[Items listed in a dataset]
══════
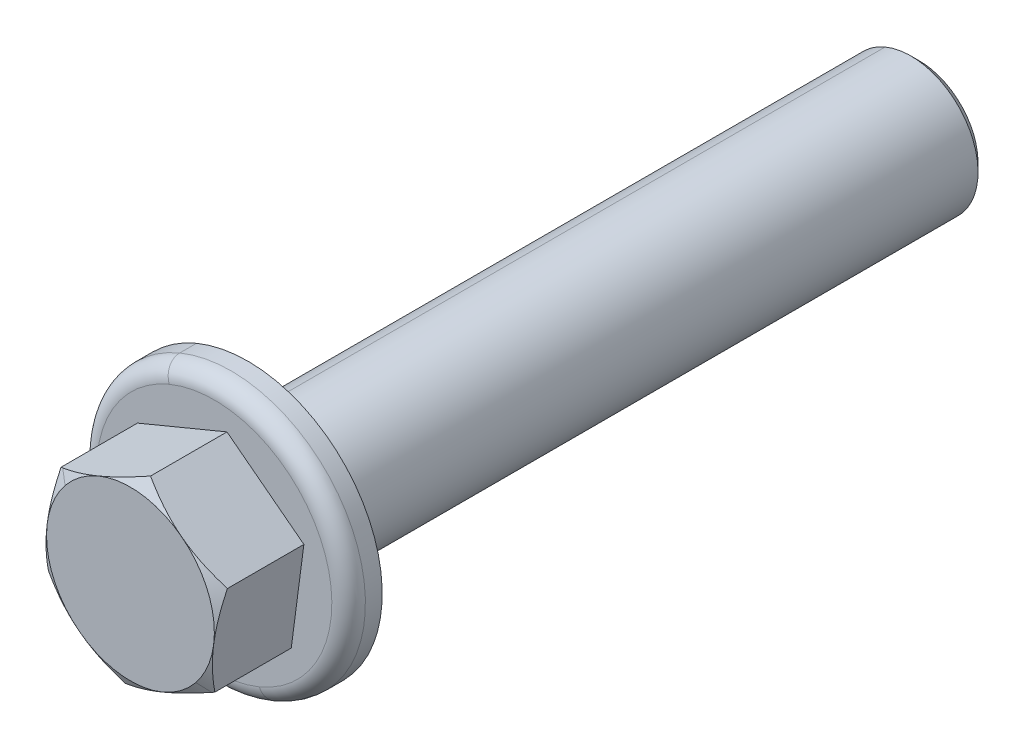
ISO-10303-21;
HEADER;
FILE_DESCRIPTION(('STEP AP214'),'2;1');
FILE_NAME('part.step','',(''),(''),'','','');
FILE_SCHEMA(('AUTOMOTIVE_DESIGN { 1 0 10303 214 1 1 1 1 }'));
ENDSEC;
DATA;
#1=APPLICATION_CONTEXT('core data for automotive mechanical design processes');
#2=APPLICATION_PROTOCOL_DEFINITION('international standard','automotive_design',2000,#1);
#3=PRODUCT_CONTEXT('',#1,'mechanical');
#4=PRODUCT('Part','Part','',(#3));
#5=PRODUCT_RELATED_PRODUCT_CATEGORY('part','',(#4));
#6=PRODUCT_DEFINITION_FORMATION('','',#4);
#7=PRODUCT_DEFINITION_CONTEXT('part definition',#1,'design');
#8=PRODUCT_DEFINITION('design','',#6,#7);
#9=PRODUCT_DEFINITION_SHAPE('','',#8);
#10=(LENGTH_UNIT() NAMED_UNIT(*) SI_UNIT(.MILLI.,.METRE.));
#11=(NAMED_UNIT(*) PLANE_ANGLE_UNIT() SI_UNIT($,.RADIAN.));
#12=(NAMED_UNIT(*) SI_UNIT($,.STERADIAN.) SOLID_ANGLE_UNIT());
#13=UNCERTAINTY_MEASURE_WITH_UNIT(LENGTH_MEASURE(1.E-05),#10,'distance_accuracy_value','');
#14=(GEOMETRIC_REPRESENTATION_CONTEXT(3) GLOBAL_UNCERTAINTY_ASSIGNED_CONTEXT((#13)) GLOBAL_UNIT_ASSIGNED_CONTEXT((#10,
#11,#12)) REPRESENTATION_CONTEXT('',''));
#15=CARTESIAN_POINT('',(0.,0.,0.));
#16=DIRECTION('',(0.,0.,1.));
#17=DIRECTION('',(1.,0.,0.));
#18=AXIS2_PLACEMENT_3D('',#15,#16,#17);
#19=CARTESIAN_POINT('',(125.,-43.,24.3));
#20=DIRECTION('',(0.,0.,1.));
#21=DIRECTION('',(0.923728021347068,0.383049008063238,0.));
#22=AXIS2_PLACEMENT_3D('',#19,#20,#21);
#23=TOROIDAL_SURFACE('',#22,4.25,0.25);
#24=CARTESIAN_POINT('',(125.,-43.,24.55));
#25=DIRECTION('',(0.,0.,-1.));
#26=DIRECTION('',(-0.923728021347068,-0.383049008063239,0.));
#27=AXIS2_PLACEMENT_3D('',#24,#25,#26);
#28=CIRCLE('',#27,4.25);
#29=CARTESIAN_POINT('',(126.627958284269,-46.925844090725,24.55));
#30=VERTEX_POINT('',#29);
#31=CARTESIAN_POINT('',(123.372041715731,-39.074155909275,24.55));
#32=VERTEX_POINT('',#31);
#33=EDGE_CURVE('E11',#30,#32,#28,.T.);
#34=ORIENTED_EDGE('',*,*,#33,.T.);
#35=CARTESIAN_POINT('',(123.372041715731,-39.074155909275,24.3));
#36=DIRECTION('',(0.923728021347068,0.383049008063238,0.));
#37=DIRECTION('',(0.,0.,1.));
#38=AXIS2_PLACEMENT_3D('',#35,#36,#37);
#39=CIRCLE('',#38,0.25);
#40=CARTESIAN_POINT('',(123.467803967747,-39.3050879146117,24.3));
#41=VERTEX_POINT('',#40);
#42=EDGE_CURVE('E33',#32,#41,#39,.T.);
#43=ORIENTED_EDGE('',*,*,#42,.T.);
#44=CARTESIAN_POINT('',(125.,-43.,24.3));
#45=DIRECTION('',(0.,0.,-1.));
#46=DIRECTION('',(-0.923728021347069,-0.383049008063237,0.));
#47=AXIS2_PLACEMENT_3D('',#44,#45,#46);
#48=CIRCLE('',#47,4.);
#49=CARTESIAN_POINT('',(126.532196032253,-46.6949120853883,24.3));
#50=VERTEX_POINT('',#49);
#51=EDGE_CURVE('E461',#50,#41,#48,.T.);
#52=ORIENTED_EDGE('',*,*,#51,.F.);
#53=CARTESIAN_POINT('',(126.627958284269,-46.925844090725,24.3));
#54=DIRECTION('',(-0.923728021347068,-0.383049008063238,0.));
#55=DIRECTION('',(0.,0.,1.));
#56=AXIS2_PLACEMENT_3D('',#53,#54,#55);
#57=CIRCLE('',#56,0.25);
#58=EDGE_CURVE('E457',#30,#50,#57,.T.);
#59=ORIENTED_EDGE('',*,*,#58,.F.);
#60=EDGE_LOOP('',(#34,#43,#52,#59));
#61=FACE_BOUND('',#60,.T.);
#62=ADVANCED_FACE('F17',(#61),#23,.F.);
#63=CARTESIAN_POINT('',(125.,-43.,24.3));
#64=DIRECTION('',(0.,0.,1.));
#65=DIRECTION('',(-0.383049008063241,0.923728021347067,0.));
#66=AXIS2_PLACEMENT_3D('',#63,#64,#65);
#67=TOROIDAL_SURFACE('',#66,4.25,0.25);
#68=CARTESIAN_POINT('',(125.,-43.,24.55));
#69=DIRECTION('',(0.,0.,-1.));
#70=DIRECTION('',(-0.923728021347068,-0.383049008063239,0.));
#71=AXIS2_PLACEMENT_3D('',#68,#69,#70);
#72=CIRCLE('',#71,4.25);
#73=EDGE_CURVE('E454',#32,#30,#72,.T.);
#74=ORIENTED_EDGE('',*,*,#73,.T.);
#75=ORIENTED_EDGE('',*,*,#58,.T.);
#76=CARTESIAN_POINT('',(125.,-43.,24.3));
#77=DIRECTION('',(0.,0.,-1.));
#78=DIRECTION('',(-0.923728021347069,-0.383049008063237,0.));
#79=AXIS2_PLACEMENT_3D('',#76,#77,#78);
#80=CIRCLE('',#79,4.);
#81=EDGE_CURVE('E465',#41,#50,#80,.T.);
#82=ORIENTED_EDGE('',*,*,#81,.F.);
#83=ORIENTED_EDGE('',*,*,#42,.F.);
#84=EDGE_LOOP('',(#74,#75,#82,#83));
#85=FACE_BOUND('',#84,.T.);
#86=ADVANCED_FACE('F311',(#85),#67,.F.);
#87=CARTESIAN_POINT('',(125.,-43.,4.55));
#88=DIRECTION('',(0.,0.,1.));
#89=DIRECTION('',(0.923728021347069,0.383049008063237,0.));
#90=AXIS2_PLACEMENT_3D('',#87,#88,#89);
#91=CYLINDRICAL_SURFACE('',#90,4.);
#92=DIRECTION('',(0.,0.,-1.));
#93=VECTOR('',#92,1.);
#94=CARTESIAN_POINT('',(126.532196032253,-46.6949120853883,4.55));
#95=LINE('',#94,#93);
#96=CARTESIAN_POINT('',(126.532196032253,-46.6949120853883,-14.95));
#97=VERTEX_POINT('',#96);
#98=EDGE_CURVE('E468',#50,#97,#95,.T.);
#99=ORIENTED_EDGE('',*,*,#98,.F.);
#100=ORIENTED_EDGE('',*,*,#51,.T.);
#101=DIRECTION('',(0.,0.,-1.));
#102=VECTOR('',#101,1.);
#103=CARTESIAN_POINT('',(123.467803967747,-39.3050879146117,4.55));
#104=LINE('',#103,#102);
#105=CARTESIAN_POINT('',(123.467803967747,-39.3050879146117,-14.95));
#106=VERTEX_POINT('',#105);
#107=EDGE_CURVE('E472',#41,#106,#104,.T.);
#108=ORIENTED_EDGE('',*,*,#107,.T.);
#109=CARTESIAN_POINT('',(125.,-43.,-14.95));
#110=DIRECTION('',(0.,0.,1.));
#111=DIRECTION('',(-0.923728021347069,-0.383049008063237,0.));
#112=AXIS2_PLACEMENT_3D('',#109,#110,#111);
#113=CIRCLE('',#112,4.);
#114=EDGE_CURVE('E467',#106,#97,#113,.T.);
#115=ORIENTED_EDGE('',*,*,#114,.T.);
#116=EDGE_LOOP('',(#99,#100,#108,#115));
#117=FACE_BOUND('',#116,.T.);
#118=ADVANCED_FACE('F317',(#117),#91,.T.);
#119=CARTESIAN_POINT('',(125.,-43.,4.55));
#120=DIRECTION('',(0.,0.,1.));
#121=DIRECTION('',(0.923728021347069,0.383049008063237,0.));
#122=AXIS2_PLACEMENT_3D('',#119,#120,#121);
#123=CYLINDRICAL_SURFACE('',#122,4.);
#124=ORIENTED_EDGE('',*,*,#107,.F.);
#125=ORIENTED_EDGE('',*,*,#81,.T.);
#126=ORIENTED_EDGE('',*,*,#98,.T.);
#127=CARTESIAN_POINT('',(125.,-43.,-14.95));
#128=DIRECTION('',(0.,0.,1.));
#129=DIRECTION('',(-0.923728021347069,-0.383049008063237,0.));
#130=AXIS2_PLACEMENT_3D('',#127,#128,#129);
#131=CIRCLE('',#130,4.);
#132=EDGE_CURVE('E471',#97,#106,#131,.T.);
#133=ORIENTED_EDGE('',*,*,#132,.T.);
#134=EDGE_LOOP('',(#124,#125,#126,#133));
#135=FACE_BOUND('',#134,.T.);
#136=ADVANCED_FACE('F322',(#135),#123,.T.);
#137=CARTESIAN_POINT('',(125.,-43.,-18.95));
#138=DIRECTION('',(0.,0.,1.));
#139=DIRECTION('',(-0.114958388351689,0.993370308066223,0.));
#140=AXIS2_PLACEMENT_3D('',#137,#138,#139);
#141=CONICAL_SURFACE('',#140,0.,0.785398163396999);
#142=DIRECTION('',(0.270856393052956,-0.653174413416782,-0.707106781186537));
#143=VECTOR('',#142,1.);
#144=CARTESIAN_POINT('',(123.563567058084,-39.5360195723158,-15.2));
#145=LINE('',#144,#143);
#146=CARTESIAN_POINT('',(123.659328713789,-39.7669518249291,-15.45));
#147=VERTEX_POINT('',#146);
#148=EDGE_CURVE('E478',#106,#147,#145,.T.);
#149=ORIENTED_EDGE('',*,*,#148,.T.);
#150=CARTESIAN_POINT('',(125.,-43.,-15.45));
#151=DIRECTION('',(0.,0.,1.));
#152=DIRECTION('',(0.993370308066188,0.114958388351986,0.));
#153=AXIS2_PLACEMENT_3D('',#150,#151,#152);
#154=CIRCLE('',#153,3.5);
#155=CARTESIAN_POINT('',(126.340671528221,-46.2330480747147,-15.45));
#156=VERTEX_POINT('',#155);
#157=EDGE_CURVE('E481',#147,#156,#154,.T.);
#158=ORIENTED_EDGE('',*,*,#157,.T.);
#159=DIRECTION('',(-0.270856551128283,0.65317434786655,-0.707106781186547));
#160=VECTOR('',#159,1.);
#161=CARTESIAN_POINT('',(126.436433780237,-46.4639800800515,-15.2));
#162=LINE('',#161,#160);
#163=EDGE_CURVE('E484',#97,#156,#162,.T.);
#164=ORIENTED_EDGE('',*,*,#163,.F.);
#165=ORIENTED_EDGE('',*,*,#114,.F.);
══════
• **Exercise**
If a line comes after the line with "#10=(LENGTH_UNIT() NAMED_UNIT(*) SI_UNIT(.MILLI.,.METRE.));", it stays out; print exactly every line from the start of the entries up to and including that line, but no pictures.

• **Result for this exercise**
ISO-10303-21;
HEADER;
FILE_DESCRIPTION(('STEP AP214'),'2;1');
FILE_NAME('part.step','',(''),(''),'','','');
FILE_SCHEMA(('AUTOMOTIVE_DESIGN { 1 0 10303 214 1 1 1 1 }'));
ENDSEC;
DATA;
#1=APPLICATION_CONTEXT('core data for automotive mechanical design processes');
#2=APPLICATION_PROTOCOL_DEFINITION('international standard','automotive_design',2000,#1);
#3=PRODUCT_CONTEXT('',#1,'mechanical');
#4=PRODUCT('Part','Part','',(#3));
#5=PRODUCT_RELATED_PRODUCT_CATEGORY('part','',(#4));
#6=PRODUCT_DEFINITION_FORMATION('','',#4);
#7=PRODUCT_DEFINITION_CONTEXT('part definition',#1,'design');
#8=PRODUCT_DEFINITION('design','',#6,#7);
#9=PRODUCT_DEFINITION_SHAPE('','',#8);
#10=(LENGTH_UNIT() NAMED_UNIT(*) SI_UNIT(.MILLI.,.METRE.));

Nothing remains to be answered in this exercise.